How do the lines below between the ones holding "Gain7 : Gain" and "Gain1/1 -> Gain7/1", inclusive, read? Give them again exactly, with no other lines.

▶

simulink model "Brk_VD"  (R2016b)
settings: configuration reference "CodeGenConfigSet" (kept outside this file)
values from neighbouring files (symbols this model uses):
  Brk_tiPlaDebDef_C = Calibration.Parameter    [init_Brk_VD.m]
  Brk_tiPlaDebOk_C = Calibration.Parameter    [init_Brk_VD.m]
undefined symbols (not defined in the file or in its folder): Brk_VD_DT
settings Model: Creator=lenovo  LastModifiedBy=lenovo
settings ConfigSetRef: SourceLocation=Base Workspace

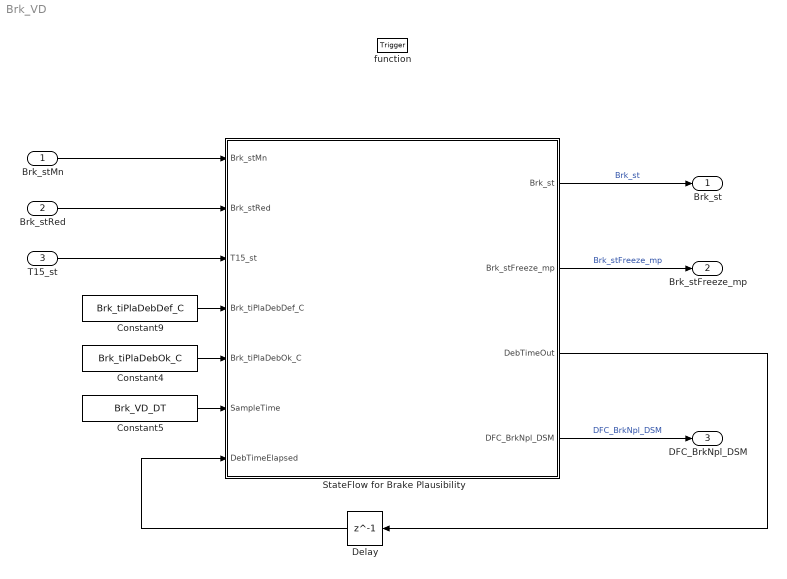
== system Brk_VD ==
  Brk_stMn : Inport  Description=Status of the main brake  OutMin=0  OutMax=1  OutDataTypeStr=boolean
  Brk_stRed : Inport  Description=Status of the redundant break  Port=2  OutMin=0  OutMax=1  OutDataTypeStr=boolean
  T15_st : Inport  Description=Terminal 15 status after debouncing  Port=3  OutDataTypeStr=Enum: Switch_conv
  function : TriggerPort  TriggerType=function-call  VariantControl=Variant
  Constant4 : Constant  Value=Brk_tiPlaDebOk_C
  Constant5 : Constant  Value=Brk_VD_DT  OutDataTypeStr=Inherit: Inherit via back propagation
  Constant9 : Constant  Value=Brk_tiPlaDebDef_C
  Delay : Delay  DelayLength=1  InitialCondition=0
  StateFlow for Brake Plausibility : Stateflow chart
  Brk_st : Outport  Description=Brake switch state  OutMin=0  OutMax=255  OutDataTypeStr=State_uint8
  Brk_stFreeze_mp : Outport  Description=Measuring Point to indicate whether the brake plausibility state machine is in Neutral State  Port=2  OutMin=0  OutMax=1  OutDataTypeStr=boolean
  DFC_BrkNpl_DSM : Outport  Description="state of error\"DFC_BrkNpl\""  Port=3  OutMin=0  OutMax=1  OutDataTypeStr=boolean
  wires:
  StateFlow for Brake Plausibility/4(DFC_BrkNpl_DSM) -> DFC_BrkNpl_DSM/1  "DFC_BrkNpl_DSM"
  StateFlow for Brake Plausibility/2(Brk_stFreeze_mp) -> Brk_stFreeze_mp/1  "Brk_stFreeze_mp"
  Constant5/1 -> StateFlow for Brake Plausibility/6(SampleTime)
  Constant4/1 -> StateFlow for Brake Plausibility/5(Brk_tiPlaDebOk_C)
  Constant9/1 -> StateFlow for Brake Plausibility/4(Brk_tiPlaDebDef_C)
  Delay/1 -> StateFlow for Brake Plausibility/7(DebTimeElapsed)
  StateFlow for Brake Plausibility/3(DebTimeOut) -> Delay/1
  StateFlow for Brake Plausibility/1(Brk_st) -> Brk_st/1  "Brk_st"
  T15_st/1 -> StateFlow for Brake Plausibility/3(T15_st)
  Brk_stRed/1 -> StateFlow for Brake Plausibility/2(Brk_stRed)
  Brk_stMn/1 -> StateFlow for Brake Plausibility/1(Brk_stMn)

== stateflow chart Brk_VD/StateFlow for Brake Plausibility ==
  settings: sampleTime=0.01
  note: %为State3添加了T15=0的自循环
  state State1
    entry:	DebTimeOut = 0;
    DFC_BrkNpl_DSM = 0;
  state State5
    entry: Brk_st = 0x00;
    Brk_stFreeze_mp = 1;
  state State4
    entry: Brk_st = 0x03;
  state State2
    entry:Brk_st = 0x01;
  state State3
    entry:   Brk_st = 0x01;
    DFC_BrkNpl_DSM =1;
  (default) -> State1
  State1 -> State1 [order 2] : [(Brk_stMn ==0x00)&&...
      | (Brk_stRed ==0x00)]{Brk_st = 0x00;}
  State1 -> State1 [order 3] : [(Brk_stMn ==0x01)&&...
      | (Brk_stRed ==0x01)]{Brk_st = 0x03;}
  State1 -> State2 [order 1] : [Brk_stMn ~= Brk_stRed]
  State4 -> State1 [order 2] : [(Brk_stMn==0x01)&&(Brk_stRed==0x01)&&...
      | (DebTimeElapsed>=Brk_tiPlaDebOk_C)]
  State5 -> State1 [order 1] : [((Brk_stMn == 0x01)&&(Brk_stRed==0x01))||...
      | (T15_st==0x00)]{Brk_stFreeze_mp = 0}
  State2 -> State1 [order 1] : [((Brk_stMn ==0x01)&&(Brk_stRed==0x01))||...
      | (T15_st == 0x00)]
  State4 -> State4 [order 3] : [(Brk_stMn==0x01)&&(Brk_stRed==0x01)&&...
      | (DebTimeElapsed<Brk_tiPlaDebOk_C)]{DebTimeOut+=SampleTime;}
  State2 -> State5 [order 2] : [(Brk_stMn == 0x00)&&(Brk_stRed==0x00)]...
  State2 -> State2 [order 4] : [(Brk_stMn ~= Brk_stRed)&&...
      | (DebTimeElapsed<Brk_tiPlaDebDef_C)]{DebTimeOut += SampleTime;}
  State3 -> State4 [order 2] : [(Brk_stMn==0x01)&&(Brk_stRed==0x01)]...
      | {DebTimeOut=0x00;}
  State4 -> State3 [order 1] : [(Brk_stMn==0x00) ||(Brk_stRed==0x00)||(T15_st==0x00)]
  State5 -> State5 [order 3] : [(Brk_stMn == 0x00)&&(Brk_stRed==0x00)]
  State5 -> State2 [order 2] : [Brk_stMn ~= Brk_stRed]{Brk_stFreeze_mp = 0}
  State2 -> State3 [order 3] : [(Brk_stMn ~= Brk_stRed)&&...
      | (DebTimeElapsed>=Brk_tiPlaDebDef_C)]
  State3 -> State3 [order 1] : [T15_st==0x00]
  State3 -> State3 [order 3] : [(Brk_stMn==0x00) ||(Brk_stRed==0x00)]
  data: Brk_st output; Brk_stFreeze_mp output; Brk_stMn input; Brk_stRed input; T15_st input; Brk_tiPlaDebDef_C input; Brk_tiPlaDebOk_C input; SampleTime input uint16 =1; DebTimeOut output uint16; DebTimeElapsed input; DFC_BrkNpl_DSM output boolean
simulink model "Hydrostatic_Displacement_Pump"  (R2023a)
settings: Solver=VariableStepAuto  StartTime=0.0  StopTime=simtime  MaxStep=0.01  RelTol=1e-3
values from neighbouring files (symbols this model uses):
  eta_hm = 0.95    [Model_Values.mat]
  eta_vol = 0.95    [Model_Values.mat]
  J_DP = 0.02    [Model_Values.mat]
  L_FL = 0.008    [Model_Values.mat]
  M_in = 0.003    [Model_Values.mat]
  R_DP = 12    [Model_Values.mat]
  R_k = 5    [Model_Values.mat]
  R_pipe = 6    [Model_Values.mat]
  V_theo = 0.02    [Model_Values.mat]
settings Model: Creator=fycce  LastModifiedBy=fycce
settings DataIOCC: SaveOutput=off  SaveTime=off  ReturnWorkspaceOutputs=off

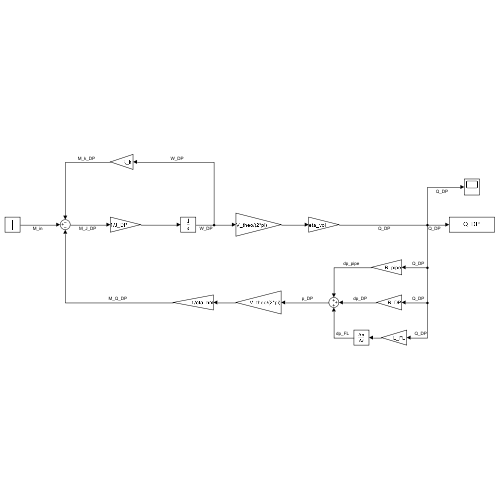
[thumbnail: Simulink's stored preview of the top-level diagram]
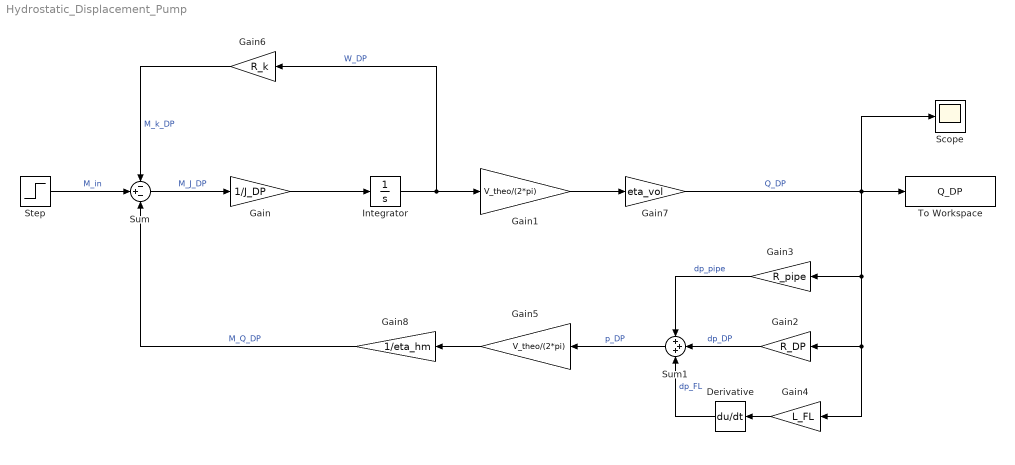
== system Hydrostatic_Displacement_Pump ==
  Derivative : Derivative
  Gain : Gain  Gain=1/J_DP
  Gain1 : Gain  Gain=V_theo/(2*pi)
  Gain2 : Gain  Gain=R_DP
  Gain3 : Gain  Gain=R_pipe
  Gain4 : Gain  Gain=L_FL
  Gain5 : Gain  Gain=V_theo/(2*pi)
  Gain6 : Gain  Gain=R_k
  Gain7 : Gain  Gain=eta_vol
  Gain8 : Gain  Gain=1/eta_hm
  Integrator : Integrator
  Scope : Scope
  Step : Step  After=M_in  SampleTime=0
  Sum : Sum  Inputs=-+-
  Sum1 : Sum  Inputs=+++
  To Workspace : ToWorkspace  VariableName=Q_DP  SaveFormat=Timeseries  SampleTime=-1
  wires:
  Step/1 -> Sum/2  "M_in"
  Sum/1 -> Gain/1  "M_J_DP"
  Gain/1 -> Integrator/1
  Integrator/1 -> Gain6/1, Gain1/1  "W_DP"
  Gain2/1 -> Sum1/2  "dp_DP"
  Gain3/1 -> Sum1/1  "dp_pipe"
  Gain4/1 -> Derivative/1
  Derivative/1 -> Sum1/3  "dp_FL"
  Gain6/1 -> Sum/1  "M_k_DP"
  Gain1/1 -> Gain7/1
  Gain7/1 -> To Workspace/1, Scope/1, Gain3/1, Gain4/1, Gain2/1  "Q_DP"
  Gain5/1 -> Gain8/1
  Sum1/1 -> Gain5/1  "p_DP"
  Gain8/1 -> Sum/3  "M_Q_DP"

◀

Response below:
  Gain7 : Gain  Gain=eta_vol
  Gain8 : Gain  Gain=1/eta_hm
  Integrator : Integrator
  Scope : Scope
  Step : Step  After=M_in  SampleTime=0
  Sum : Sum  Inputs=-+-
  Sum1 : Sum  Inputs=+++
  To Workspace : ToWorkspace  VariableName=Q_DP  SaveFormat=Timeseries  SampleTime=-1
  wires:
  Step/1 -> Sum/2  "M_in"
  Sum/1 -> Gain/1  "M_J_DP"
  Gain/1 -> Integrator/1
  Integrator/1 -> Gain6/1, Gain1/1  "W_DP"
  Gain2/1 -> Sum1/2  "dp_DP"
  Gain3/1 -> Sum1/1  "dp_pipe"
  Gain4/1 -> Derivative/1
  Derivative/1 -> Sum1/3  "dp_FL"
  Gain6/1 -> Sum/1  "M_k_DP"
  Gain1/1 -> Gain7/1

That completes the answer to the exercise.